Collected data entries
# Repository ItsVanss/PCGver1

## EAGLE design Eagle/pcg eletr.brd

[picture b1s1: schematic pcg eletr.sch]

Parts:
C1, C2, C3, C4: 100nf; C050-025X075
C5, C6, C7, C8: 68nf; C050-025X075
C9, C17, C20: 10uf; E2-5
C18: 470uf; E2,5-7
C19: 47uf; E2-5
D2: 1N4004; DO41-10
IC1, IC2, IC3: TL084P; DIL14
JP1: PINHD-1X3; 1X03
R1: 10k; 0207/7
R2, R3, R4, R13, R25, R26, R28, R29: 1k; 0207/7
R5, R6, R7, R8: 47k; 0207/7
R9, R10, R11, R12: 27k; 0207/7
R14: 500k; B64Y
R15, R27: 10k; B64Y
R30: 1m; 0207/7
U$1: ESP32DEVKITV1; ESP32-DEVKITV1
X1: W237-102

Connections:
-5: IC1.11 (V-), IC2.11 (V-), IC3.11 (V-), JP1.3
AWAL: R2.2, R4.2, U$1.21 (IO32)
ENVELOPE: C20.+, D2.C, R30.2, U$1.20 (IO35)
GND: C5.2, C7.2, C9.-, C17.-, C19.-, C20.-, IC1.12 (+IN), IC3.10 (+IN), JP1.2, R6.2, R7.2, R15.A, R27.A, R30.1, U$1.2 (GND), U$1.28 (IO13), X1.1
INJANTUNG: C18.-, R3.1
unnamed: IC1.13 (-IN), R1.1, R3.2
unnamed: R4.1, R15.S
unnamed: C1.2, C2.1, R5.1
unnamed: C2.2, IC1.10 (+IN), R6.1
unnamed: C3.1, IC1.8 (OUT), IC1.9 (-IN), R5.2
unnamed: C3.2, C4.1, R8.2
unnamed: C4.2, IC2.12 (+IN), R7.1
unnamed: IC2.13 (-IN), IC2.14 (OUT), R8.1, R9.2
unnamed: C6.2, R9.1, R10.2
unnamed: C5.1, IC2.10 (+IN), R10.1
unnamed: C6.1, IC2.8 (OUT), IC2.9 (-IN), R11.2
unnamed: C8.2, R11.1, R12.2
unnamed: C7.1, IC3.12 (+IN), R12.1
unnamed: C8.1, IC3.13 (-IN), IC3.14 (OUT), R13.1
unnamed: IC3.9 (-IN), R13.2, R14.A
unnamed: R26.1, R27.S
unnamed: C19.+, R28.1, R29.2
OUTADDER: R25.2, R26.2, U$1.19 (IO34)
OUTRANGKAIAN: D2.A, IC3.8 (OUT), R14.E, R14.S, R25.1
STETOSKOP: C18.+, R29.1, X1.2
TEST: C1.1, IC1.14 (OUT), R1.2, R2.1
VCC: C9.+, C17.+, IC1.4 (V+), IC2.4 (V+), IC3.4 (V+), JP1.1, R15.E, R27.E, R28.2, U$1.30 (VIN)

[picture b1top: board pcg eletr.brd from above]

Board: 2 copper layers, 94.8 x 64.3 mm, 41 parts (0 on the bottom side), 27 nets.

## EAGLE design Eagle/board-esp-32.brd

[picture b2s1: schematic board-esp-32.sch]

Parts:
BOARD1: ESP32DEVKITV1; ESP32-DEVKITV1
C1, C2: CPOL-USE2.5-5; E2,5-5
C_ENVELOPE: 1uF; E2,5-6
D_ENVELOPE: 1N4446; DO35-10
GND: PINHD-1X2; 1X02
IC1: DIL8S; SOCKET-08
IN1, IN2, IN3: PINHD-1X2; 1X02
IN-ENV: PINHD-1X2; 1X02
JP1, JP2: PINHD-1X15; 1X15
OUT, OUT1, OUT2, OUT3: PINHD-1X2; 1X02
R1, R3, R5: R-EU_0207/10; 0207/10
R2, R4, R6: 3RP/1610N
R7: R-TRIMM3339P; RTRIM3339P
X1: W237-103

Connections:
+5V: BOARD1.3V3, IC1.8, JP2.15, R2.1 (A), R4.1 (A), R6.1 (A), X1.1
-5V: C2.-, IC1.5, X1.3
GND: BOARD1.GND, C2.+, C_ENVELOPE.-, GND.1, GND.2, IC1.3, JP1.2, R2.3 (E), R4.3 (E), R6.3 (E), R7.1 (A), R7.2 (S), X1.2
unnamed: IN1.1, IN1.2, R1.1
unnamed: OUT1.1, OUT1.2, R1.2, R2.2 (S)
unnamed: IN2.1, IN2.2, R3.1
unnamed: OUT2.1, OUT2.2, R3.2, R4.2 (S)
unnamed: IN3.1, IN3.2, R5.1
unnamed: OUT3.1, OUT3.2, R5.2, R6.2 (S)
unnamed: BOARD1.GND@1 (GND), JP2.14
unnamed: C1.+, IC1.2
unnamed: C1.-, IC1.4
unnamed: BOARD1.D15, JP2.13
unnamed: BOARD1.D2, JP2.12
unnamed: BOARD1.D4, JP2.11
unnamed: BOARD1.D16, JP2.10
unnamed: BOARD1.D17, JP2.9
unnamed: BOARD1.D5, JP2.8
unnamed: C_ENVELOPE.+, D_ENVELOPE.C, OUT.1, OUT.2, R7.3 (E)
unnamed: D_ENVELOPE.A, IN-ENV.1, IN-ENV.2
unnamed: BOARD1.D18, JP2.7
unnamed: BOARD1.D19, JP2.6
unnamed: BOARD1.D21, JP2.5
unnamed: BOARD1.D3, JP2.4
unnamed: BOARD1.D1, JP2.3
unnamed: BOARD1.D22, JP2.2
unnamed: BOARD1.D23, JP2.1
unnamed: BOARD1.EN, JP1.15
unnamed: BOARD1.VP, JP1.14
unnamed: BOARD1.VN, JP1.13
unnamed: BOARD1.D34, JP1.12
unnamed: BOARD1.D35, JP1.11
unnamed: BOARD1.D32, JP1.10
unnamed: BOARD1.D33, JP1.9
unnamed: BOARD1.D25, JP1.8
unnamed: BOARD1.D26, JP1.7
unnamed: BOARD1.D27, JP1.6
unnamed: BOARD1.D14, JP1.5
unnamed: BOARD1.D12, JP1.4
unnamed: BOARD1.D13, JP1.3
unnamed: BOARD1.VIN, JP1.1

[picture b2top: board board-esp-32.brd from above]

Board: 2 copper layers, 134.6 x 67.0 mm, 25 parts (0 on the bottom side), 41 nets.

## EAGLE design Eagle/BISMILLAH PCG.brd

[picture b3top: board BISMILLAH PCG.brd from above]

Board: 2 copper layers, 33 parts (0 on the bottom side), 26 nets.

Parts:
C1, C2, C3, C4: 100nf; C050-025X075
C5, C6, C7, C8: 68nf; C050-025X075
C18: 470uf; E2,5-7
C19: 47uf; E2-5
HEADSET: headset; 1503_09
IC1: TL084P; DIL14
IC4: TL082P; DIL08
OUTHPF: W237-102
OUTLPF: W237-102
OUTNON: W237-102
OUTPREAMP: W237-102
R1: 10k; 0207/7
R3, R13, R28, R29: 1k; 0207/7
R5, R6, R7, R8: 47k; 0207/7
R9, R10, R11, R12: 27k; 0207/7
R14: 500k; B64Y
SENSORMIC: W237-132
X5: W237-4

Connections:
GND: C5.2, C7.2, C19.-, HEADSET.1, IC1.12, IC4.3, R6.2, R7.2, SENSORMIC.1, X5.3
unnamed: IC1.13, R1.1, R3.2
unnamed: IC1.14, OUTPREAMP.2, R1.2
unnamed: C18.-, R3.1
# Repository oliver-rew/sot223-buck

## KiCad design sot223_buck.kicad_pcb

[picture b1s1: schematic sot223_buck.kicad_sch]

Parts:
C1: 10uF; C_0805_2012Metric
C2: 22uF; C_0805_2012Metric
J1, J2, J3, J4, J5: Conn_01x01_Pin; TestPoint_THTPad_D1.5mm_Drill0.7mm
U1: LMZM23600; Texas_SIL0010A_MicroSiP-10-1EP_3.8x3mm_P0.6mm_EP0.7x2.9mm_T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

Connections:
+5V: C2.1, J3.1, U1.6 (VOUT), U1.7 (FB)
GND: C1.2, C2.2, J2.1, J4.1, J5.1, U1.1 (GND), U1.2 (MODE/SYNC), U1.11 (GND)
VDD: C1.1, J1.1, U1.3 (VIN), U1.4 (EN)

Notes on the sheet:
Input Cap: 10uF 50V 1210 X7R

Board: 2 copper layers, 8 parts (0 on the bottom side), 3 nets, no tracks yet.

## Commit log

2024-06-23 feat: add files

*PROMPT:*
Pull every line containing "EAGLE" from the entries above and copy it.

*ANSWER SECTION:*
## EAGLE design Eagle/pcg eletr.brd
## EAGLE design Eagle/board-esp-32.brd
## EAGLE design Eagle/BISMILLAH PCG.brd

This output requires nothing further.